Description
The key insight of this dissertation is that when a robot is deployed in an environment that humans have been acting in, the state of the environment is already optimized for what humans want, and is thus informative about human preferences.
We formalize this setting by assuming that a human H has been acting in an environment for some time, and a robot R observes the final state produced. From this final state, R must infer as much as possible about H's reward function. We analyze this problem formulation theoretically and show that it is particularly well suited to inferring aspects of the state that should not be changed -- exactly the aspects of the reward that H is likely to forget to specify. We develop an algorithm using dynamic programming for tabular environments, analogously to value iteration, and demonstrate its behavior on several simple environments.
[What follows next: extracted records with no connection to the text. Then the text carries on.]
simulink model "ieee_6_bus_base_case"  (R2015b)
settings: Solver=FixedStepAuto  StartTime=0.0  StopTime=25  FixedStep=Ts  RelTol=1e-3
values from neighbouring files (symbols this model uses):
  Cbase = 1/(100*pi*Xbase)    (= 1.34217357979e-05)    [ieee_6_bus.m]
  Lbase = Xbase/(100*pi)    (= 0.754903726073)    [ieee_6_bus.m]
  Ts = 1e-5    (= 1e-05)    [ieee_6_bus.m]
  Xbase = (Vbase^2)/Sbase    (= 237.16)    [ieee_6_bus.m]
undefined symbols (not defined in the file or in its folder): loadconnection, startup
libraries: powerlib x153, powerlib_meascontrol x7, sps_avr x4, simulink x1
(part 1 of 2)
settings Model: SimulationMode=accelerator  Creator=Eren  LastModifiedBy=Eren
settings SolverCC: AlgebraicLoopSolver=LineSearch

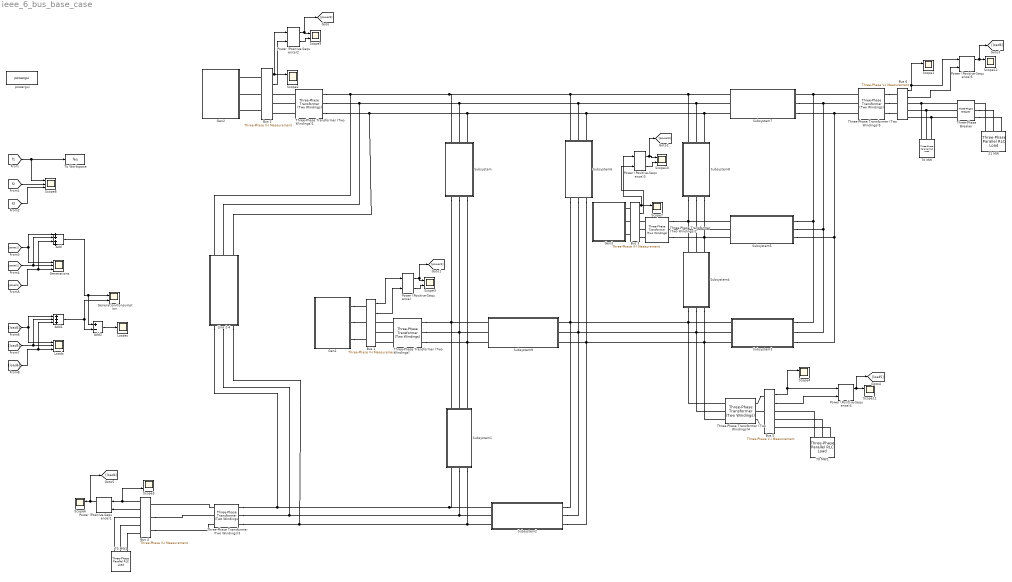
== system ieee_6_bus_base_case ==
  21 MW : powerlib/Elements/Three-Phase Parallel RLC Load  LConnTagsString=A|B|C  Configuration=Y (grounded)  NominalVoltage=690  Vabc=[1e3 1e3 1e3]  Vabcp=[1e3 1e3 1e3]  NominalFrequency=50  UnbalancedPower=off  ActivePower=21e6  InductivePower=0  CapacitivePower=0  Pabc=[10e3 9e3 11e3]  QLabc=[100 90 110]  QCabc=[100 90 110]  Pabcp=[10e3 9e3 11e3]  QLabcp=[100 90 110]  QCabcp=[100 90 110]  Measurements=None  LoadType=constant PQ
  70 MW : powerlib/Elements/Three-Phase Parallel RLC Load  LConnTagsString=A|B|C  Configuration=Y (grounded)  NominalVoltage=690  Vabc=[1e3 1e3 1e3]  Vabcp=[1e3 1e3 1e3]  NominalFrequency=50  UnbalancedPower=off  ActivePower=70e6  InductivePower=70e6  CapacitivePower=0  Pabc=[10e3 9e3 11e3]  QLabc=[100 90 110]  QCabc=[100 90 110]  Pabcp=[10e3 9e3 11e3]  QLabcp=[100 90 110]  QCabcp=[100 90 110]  Measurements=None  LoadType=constant PQ
  70 MW1 : powerlib/Elements/Three-Phase Parallel RLC Load  LConnTagsString=A|B|C  Configuration=Y (grounded)  NominalVoltage=690  Vabc=[1e3 1e3 1e3]  Vabcp=[1e3 1e3 1e3]  NominalFrequency=50  UnbalancedPower=off  ActivePower=70e6  InductivePower=70e6  CapacitivePower=0  Pabc=[10e3 9e3 11e3]  QLabc=[100 90 110]  QCabc=[100 90 110]  Pabcp=[10e3 9e3 11e3]  QLabcp=[100 90 110]  QCabcp=[100 90 110]  Measurements=None  LoadType=constant PQ
  70 MW2 : powerlib/Elements/Three-Phase Parallel RLC Load  LConnTagsString=A|B|C  Configuration=Y (grounded)  NominalVoltage=690  Vabc=[1e3 1e3 1e3]  Vabcp=[1e3 1e3 1e3]  NominalFrequency=50  UnbalancedPower=off  ActivePower=70e6  InductivePower=70e6  CapacitivePower=0  Pabc=[10e3 9e3 11e3]  QLabc=[100 90 110]  QCabc=[100 90 110]  Pabcp=[10e3 9e3 11e3]  QLabcp=[100 90 110]  QCabcp=[100 90 110]  Measurements=None  LoadType=constant PQ
  Add : Sum  Inputs=4
  Add1 : Sum  Inputs=3
  Add2 : Sum  Inputs=+-
  Bus {1..4,6} (5 alike) : powerlib/Measurements/Three-Phase V-I Measurement  VoltageMeasurement=phase-to-ground  SetLabelV=off  LabelV=Vsabc  Vpu=off  VpuLL=on  CurrentMeasurement=yes  SetLabelI=off  LabelI=Isabc  Ipu=off  Pbase=100e6  Vbase=690  OutputType=Complex  PhasorSimulation=off  PSBequivalent=0
  Bus 5 : powerlib/Measurements/Three-Phase V-I Measurement  VoltageMeasurement=phase-to-ground  SetLabelV=off  LabelV=Vsabc  Vpu=off  VpuLL=off  CurrentMeasurement=yes  SetLabelI=off  LabelI=Isabc  Ipu=off  Pbase=100e6  Vbase=690  OutputType=Complex  PhasorSimulation=off  PSBequivalent=0
  Gen1 : Subsystem
  Gen2 : Subsystem
  Gen3 : Subsystem
  Generation/Consumption : Scope  NumInputPorts=2
  Generations : Scope  NumInputPorts=3
  Line 2-4 : Subsystem
  Loads : Scope  NumInputPorts=3
  Losses : Scope
  Power (Positive-Sequence){,1..5} (6 alike) : powerlib_meascontrol/Measurements/Power (Positive-Sequence)  Freq=50  Vinit=[0, 0]  Iinit=[0, 0]  Ts=0
  Scope{1..7,9..12} (11 alike) : Scope  NumInputPorts=2
  Scope8 : Scope  NumInputPorts=3
  Subsystem : Subsystem
  Subsystem1 : Subsystem
  Subsystem2 : Subsystem
  Subsystem3 : Subsystem
  Subsystem4 : Subsystem
  Subsystem5 : Subsystem
  Subsystem6 : Subsystem
  Subsystem7 : Subsystem
  Subsystem8 : Subsystem
  Subsystem9 : Subsystem
  Three-Phase Transformer (Two Windings) : powerlib/Elements/Three-Phase Transformer (Two Windings)  Winding1Connection=Yg  Winding2Connection=Yg  CoreType=Three single-phase transformers  SetSaturation=off  Hysteresis=off  DataFile='hysteresis'  SetInitialFlux=off  Measurements=None  UNITS=pu  NominalPower=[ 250e6 , 50 ]  Winding1="[ 690 , 0.001  , 0 ]"  Winding2="[ 154e3 , 0.001  , 0 ]"  Rm=500  Lm=500  L0=0.5  Saturation=[ 0,0 ; 0.0024,1.2 ; 1.0,1.52 ]  InitialFluxes=[ 0.8 , -0.8 , 0.7 ]  MoreParameters=off  BreakLoop=off  DataType=off  TransfoNumber=1
  Three-Phase Transformer (Two Windings){1..2,4..5} (4 alike) : powerlib/Elements/Three-Phase Transformer (Two Windings)  Winding1Connection=Yg  Winding2Connection=Yg  CoreType=Three single-phase transformers  SetSaturation=off  Hysteresis=off  DataFile='hysteresis'  SetInitialFlux=off  Measurements=None  UNITS=pu  NominalPower=[ 250e6 , 50 ]  Winding1=[ 690 , 0.001 , 0 ]  Winding2="[ 154e3 , 0.001  , 0 ]"  Rm=500  Lm=500  L0=0.5  Saturation=[ 0,0 ; 0.0024,1.2 ; 1.0,1.52 ]  InitialFluxes=[ 0.8 , -0.8 , 0.7 ]  MoreParameters=off  BreakLoop=off  DataType=off  TransfoNumber=1
  Three-Phase Transformer (Two Windings)3 : powerlib/Elements/Three-Phase Transformer (Two Windings)  Winding1Connection=Yg  Winding2Connection=Yg  CoreType=Three single-phase transformers  SetSaturation=off  Hysteresis=off  DataFile='hysteresis'  SetInitialFlux=off  Measurements=None  UNITS=pu  NominalPower=[ 250e6 , 50 ]  Winding1="[ 690 , 0.001  , 0 ]"  Winding2="[ 154e3 , 0.001  , 0 ]"  Rm=500  Lm=500  L0=0.5  Saturation=[ 0,0 ; 0.0024,1.2 ; 1.0,1.52 ]  InitialFluxes=[ 0.8 , -0.8 , 0.7 ]  MoreParameters=off  BreakLoop=off  DataType=off  TransfoNumber=1
  Three-Phase Breaker : powerlib/Elements/Three-Phase Breaker  InitialState=open  SwitchA=on  SwitchB=on  SwitchC=on  SwitchTimes=loadconnection  External=off  BreakerResistance=0.01  SnubberResistance=1e6  SnubberCapacitance=inf  Measurements=None
  To Workspace : ToWorkspace  VariableName=feq  SaveFormat=Structure With Time  SampleTime=-1
      settings: Decimation=3  Save2DSignal=2-D array (concatenate along first dimension)
  powergui : powerlib/powergui  Priority=2  SimulationMode=Discrete  SolverType=Tustin  SampleTime=Ts  frequency=60  SPID=off  DisableSnubberDevices=off  DisableRonSwitches=off  DisableVfSwitches=off  SwTol=0  DisplayEquations=off  Interpol=off  ExternalGateDelay=off  methode=off  Ts=0  FunctionMessages=off  echomessages=off  HookPort=off  EnableUseOfTLC=off  x0status=blocks  frequencyindice=50  Pbase=100e6  ErrMax=1e-4  Iterations=50  UnitsV=kV  UnitsW=MW  buscounter=0  RestoreLinks=warning  ResistiveCurrentMeasurement=off  Frange=[0:2:500]  Ylog=off  Xlog=on  ShowGrid=off  save=off  variable=ZData  structure=0  ZoomFFT=on  StartTime=0.0  cycles=1  DisplayStyle=1  fundamental=60  FreqAxis=off  MaxFrequency=1000  frequencyindicesteady=1  RmsSteady=1  display=off
  wires:
  Bus 1/1 -> Power (Positive-Sequence)/1
  Bus 1/2 -> Power (Positive-Sequence)/2
  Power (Positive-Sequence)/1 -> [power1], Scope3/1
  Power (Positive-Sequence)/2 -> Scope3/2
  Bus 6/1 -> Scope1/1, Power (Positive-Sequence)5/1
  Bus 2/1 -> Power (Positive-Sequence)2/1, Scope2/1
  Bus 5/1 -> Power (Positive-Sequence)4/1, Scope4/1
  Bus 3/1 -> Power (Positive-Sequence)3/1, Scope7/1
  [f1] -> To Workspace/1, Scope8/1
  [f2] -> Scope8/2
  [f3] -> Scope8/3
  Bus 2/2 -> Power (Positive-Sequence)2/2
  Power (Positive-Sequence)2/2 -> Scope9/2
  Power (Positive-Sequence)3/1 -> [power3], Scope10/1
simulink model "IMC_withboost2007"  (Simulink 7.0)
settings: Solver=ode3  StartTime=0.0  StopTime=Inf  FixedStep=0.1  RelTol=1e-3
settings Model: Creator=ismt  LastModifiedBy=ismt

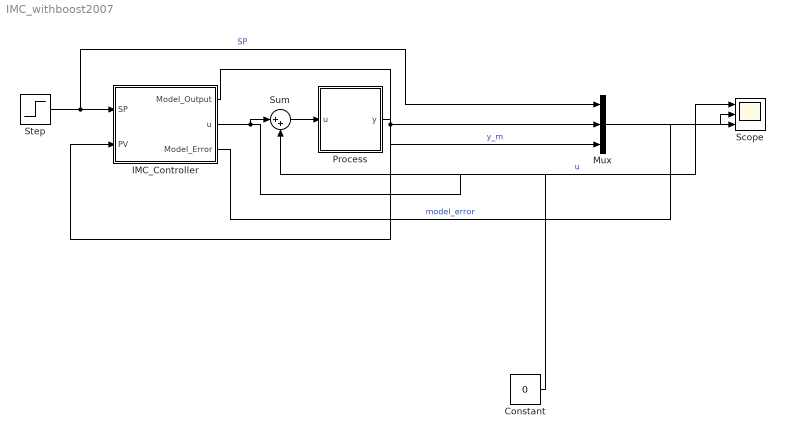
== system IMC_withboost2007 ==
  Constant : Constant  Value=0  OutDataType=sfix(16)  OutScaling=2^0
  IMC_Controller : Subsystem  mask{Kp_hat=1.5, Tau_hat=5, delay_hat=2.5, T_lead=5, T_lag=1}
      mask prompts: Kp_hat "Kp_Model"; Tau_hat "Tau_Model"; delay_hat "Delay_Model"
      mask help:
      | Model Parameters
      | Boost Filter Parameters
  Mux : Mux  Inputs=3
  Process : Subsystem  mask{Kp=2, tau=5, delay=2.5}
      mask help: Process parameters
  Scope : Scope  NumInputPorts=3
      settings: TimeRange=25000  YMin=0~0~0  YMax=19~9.5~2.5
  Step : Step  Time=20  Before=3  After=8  SampleTime=0
  Sum : Sum  Inputs=|++  OutDataType=sfix(16)  OutScaling=2^0
  wires:
  IMC_Controller/2(u) -> Scope/1, Sum/1  "u"
  Process/1(y) -> Mux/2, IMC_Controller/2(PV)
  Step/1 -> IMC_Controller/1(SP), Mux/1  "SP"
  IMC_Controller/1(Model_Output) -> Mux/3  "y_m"
  Mux/1 -> Scope/2
  IMC_Controller/3(Model_Error) -> Scope/3  "model_error"
  Sum/1 -> Process/1(u)
  Constant/1 -> Sum/2

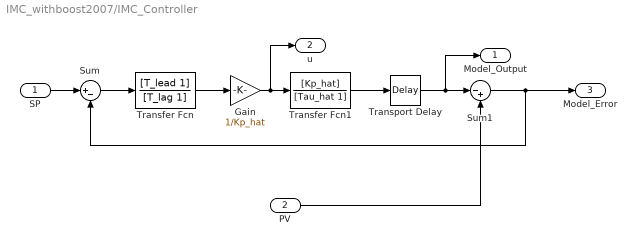
== system IMC_withboost2007/IMC_Controller ==
  SP : Inport  OutDataType=sfix(16)  OutScaling=2^0
  PV : Inport  Port=2  OutDataType=sfix(16)  OutScaling=2^0
  Gain : Gain  Gain=1/Kp_hat  ParameterDataType=sfix(16)  ParameterScaling=2^0  OutDataType=sfix(16)  OutScaling=2^0
  Sum : Sum  Inputs=|+-  OutDataType=sfix(16)  OutScaling=2^0
  Sum1 : Sum  Inputs=|-+  OutDataType=sfix(16)  OutScaling=2^0
  Transfer Fcn : TransferFcn  Numerator=[T_lead 1]  Denominator=[T_lag 1]
  Transfer Fcn1 : TransferFcn  Numerator=[Kp_hat]  Denominator=[Tau_hat 1]
  Transport Delay : TransportDelay  DelayTime=delay_hat
  Model_Output : Outport  OutDataType=sfix(16)  OutScaling=2^0
  u : Outport  Port=2  OutDataType=sfix(16)  OutScaling=2^0
  Model_Error : Outport  Port=3  OutDataType=sfix(16)  OutScaling=2^0
  wires:
  SP/1 -> Sum/1
  Sum/1 -> Transfer Fcn/1
  Transfer Fcn/1 -> Gain/1
  Gain/1 -> Transfer Fcn1/1, u/1
  Transfer Fcn1/1 -> Transport Delay/1
  Transport Delay/1 -> Sum1/1, Model_Output/1
  PV/1 -> Sum1/2
  Sum1/1 -> Model_Error/1, Sum/2

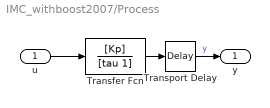
== system IMC_withboost2007/Process ==
  u : Inport
  Transfer Fcn : TransferFcn  Numerator=[Kp]  Denominator=[tau 1]
  Transport Delay : TransportDelay  DelayTime=delay
  y : Outport
  wires:
  Transfer Fcn/1 -> Transport Delay/1
  u/1 -> Transfer Fcn/1
  Transport Delay/1 -> y/1  "y"

To scale to high-dimensional environments, we use function approximators judiciously to allow the various parts of our algorithm to be trained without needing to enumerate all possible states.
Of course, there is no point in learning about H's reward function unless we use it to guide R's decision-making. While we could have R simply optimize the inferred reward, this suffers from a "status quo bias": the inferred reward is likely to strongly prefer the observed state, since by assumption it is already optimized for H's preferences. To get R to make changes to the environment, we will usually need to integrate the inferred reward with other sources of preference information. In order to support such reward combination, we use a model in which R must maximize an unknown reward function known only to H. Learning from the state of the world arises as an instrumentally useful behavior in such a setting, and can serve to form a prior belief over the reward function that can then be updated after further interaction with H.